One can find such info in text file /usr/ports/UPDATING

or even

`make -C /usr/ports/ search name="libEGL"`

and you will get the confirmation

So first remove the old package with `pkg delete -f libEGL`

and install mesa-libs `make -C /usr/ports/graphics/mesa-libs reinstall clean`

Check if there is no other missing dependencies with

`pkg check -d`
Either this command will show some missing dependencies, either when a given dependency is hardly updated,  sometimes it is necessary to relink ports which depends on this dependency showing a broken link through this command.

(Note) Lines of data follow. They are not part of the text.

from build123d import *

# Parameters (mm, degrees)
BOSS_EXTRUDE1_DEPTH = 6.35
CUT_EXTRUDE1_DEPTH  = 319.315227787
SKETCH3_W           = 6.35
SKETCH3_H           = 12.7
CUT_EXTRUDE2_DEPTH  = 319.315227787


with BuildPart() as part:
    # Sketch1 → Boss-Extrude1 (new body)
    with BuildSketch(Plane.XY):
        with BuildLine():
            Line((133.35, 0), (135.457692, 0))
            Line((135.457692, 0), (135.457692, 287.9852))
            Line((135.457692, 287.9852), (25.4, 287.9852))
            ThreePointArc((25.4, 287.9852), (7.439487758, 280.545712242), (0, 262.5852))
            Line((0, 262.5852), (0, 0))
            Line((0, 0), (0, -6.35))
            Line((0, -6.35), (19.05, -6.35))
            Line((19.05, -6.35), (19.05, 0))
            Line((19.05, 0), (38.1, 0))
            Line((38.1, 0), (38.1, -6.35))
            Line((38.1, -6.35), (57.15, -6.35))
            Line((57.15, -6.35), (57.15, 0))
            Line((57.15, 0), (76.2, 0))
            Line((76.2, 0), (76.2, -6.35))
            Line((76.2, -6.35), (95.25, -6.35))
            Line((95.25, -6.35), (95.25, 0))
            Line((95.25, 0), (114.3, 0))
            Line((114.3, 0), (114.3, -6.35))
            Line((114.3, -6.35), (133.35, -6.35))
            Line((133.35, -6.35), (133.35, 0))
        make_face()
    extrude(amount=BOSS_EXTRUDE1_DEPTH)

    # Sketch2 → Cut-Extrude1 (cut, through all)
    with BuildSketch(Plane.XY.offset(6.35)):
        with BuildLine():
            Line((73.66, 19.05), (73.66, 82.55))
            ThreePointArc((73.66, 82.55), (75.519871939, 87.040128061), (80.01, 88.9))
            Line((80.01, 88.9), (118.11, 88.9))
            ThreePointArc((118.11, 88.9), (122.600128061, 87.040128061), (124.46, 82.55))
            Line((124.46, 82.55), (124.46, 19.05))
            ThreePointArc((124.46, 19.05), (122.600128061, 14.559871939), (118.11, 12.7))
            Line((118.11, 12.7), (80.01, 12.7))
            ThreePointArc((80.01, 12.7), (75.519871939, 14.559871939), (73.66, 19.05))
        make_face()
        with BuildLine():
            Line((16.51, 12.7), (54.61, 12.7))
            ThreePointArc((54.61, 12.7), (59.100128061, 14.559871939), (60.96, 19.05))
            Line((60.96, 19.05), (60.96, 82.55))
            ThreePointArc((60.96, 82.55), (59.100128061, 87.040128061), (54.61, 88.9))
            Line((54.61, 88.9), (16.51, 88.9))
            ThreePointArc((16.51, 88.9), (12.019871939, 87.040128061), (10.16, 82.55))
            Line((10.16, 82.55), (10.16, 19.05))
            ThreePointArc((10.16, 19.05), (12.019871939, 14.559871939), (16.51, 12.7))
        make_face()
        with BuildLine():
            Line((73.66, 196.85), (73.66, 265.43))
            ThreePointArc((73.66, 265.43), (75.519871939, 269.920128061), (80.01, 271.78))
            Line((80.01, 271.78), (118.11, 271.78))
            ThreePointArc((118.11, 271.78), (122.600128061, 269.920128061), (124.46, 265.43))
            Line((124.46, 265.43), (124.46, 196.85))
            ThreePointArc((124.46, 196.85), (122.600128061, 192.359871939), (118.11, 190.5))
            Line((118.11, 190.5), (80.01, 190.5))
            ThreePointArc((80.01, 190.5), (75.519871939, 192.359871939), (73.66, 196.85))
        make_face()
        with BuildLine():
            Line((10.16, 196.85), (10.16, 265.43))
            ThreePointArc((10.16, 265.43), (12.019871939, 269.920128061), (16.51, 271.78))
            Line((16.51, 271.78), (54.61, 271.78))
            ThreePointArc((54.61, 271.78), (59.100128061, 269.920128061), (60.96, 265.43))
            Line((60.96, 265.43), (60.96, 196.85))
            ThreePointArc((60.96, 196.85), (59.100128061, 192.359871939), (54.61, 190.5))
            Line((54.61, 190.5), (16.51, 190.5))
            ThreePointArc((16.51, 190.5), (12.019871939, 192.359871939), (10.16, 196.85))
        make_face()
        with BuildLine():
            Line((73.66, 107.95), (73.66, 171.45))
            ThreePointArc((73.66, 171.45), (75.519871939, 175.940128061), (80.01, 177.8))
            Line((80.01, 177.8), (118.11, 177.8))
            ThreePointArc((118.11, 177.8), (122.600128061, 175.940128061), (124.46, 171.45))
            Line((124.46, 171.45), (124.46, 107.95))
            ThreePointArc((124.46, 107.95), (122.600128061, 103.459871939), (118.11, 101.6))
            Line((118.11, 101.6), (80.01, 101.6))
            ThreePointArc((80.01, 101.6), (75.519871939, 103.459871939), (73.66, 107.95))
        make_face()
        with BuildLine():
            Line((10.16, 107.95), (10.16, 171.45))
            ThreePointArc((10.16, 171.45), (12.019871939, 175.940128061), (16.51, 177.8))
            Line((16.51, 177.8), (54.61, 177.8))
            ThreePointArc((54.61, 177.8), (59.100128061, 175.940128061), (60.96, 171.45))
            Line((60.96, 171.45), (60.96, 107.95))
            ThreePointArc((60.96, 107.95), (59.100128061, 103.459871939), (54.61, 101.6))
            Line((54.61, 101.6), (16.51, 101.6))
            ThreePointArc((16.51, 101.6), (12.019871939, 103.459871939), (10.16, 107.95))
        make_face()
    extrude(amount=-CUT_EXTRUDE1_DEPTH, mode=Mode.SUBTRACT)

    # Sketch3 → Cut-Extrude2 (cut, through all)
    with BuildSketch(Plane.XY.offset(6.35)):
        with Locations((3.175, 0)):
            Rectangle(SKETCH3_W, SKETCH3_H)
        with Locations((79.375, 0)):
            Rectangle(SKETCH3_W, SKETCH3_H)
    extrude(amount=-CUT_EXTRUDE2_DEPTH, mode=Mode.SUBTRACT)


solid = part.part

Some administrators will say that one should always rebuild such port on a dependency update, but they can do that, they have powerful server. They can automate the process and make run that at delayed date.

A simple desktop user generally use ports-mgmt/portupgrade or ports-mgmt/portmaster, and it is sufficient in most of case.

There are possibly other merged ports in mesa-libs, I can't remember, but process is the same.

It could be wise to update your system port at less.... let's say one time per month, and frankly I think one time per week would be a good measure

and check from time to time the base system : `freebsd-update fetch`.... each week

Security flaws may occur on ports as on base system, FreeBSD is safer than Windows, but under the condition that user complies with some minimum rules of security.

As a comparison, there is on a common Linux Desktop generally one small update per week


----------



## damfreebsd (Oct 2, 2017)

thanks a lot i was able to install nvidia-driver again but when i do startx i get this:
shared object "libpthread-stubs.so.0" not found requiered by libxcb.so.1"


----------



## Wozzeck.Live (Oct 2, 2017)

You can check here dependencies for a given ports

https://www.freebsd.org/cgi/ports.cgi?query=libxcb&stype=all

rebuild libpthread-stubs, and just after libxcb with portupgrade or portmaster, depending on which you use
Or directly going into the ports.


----------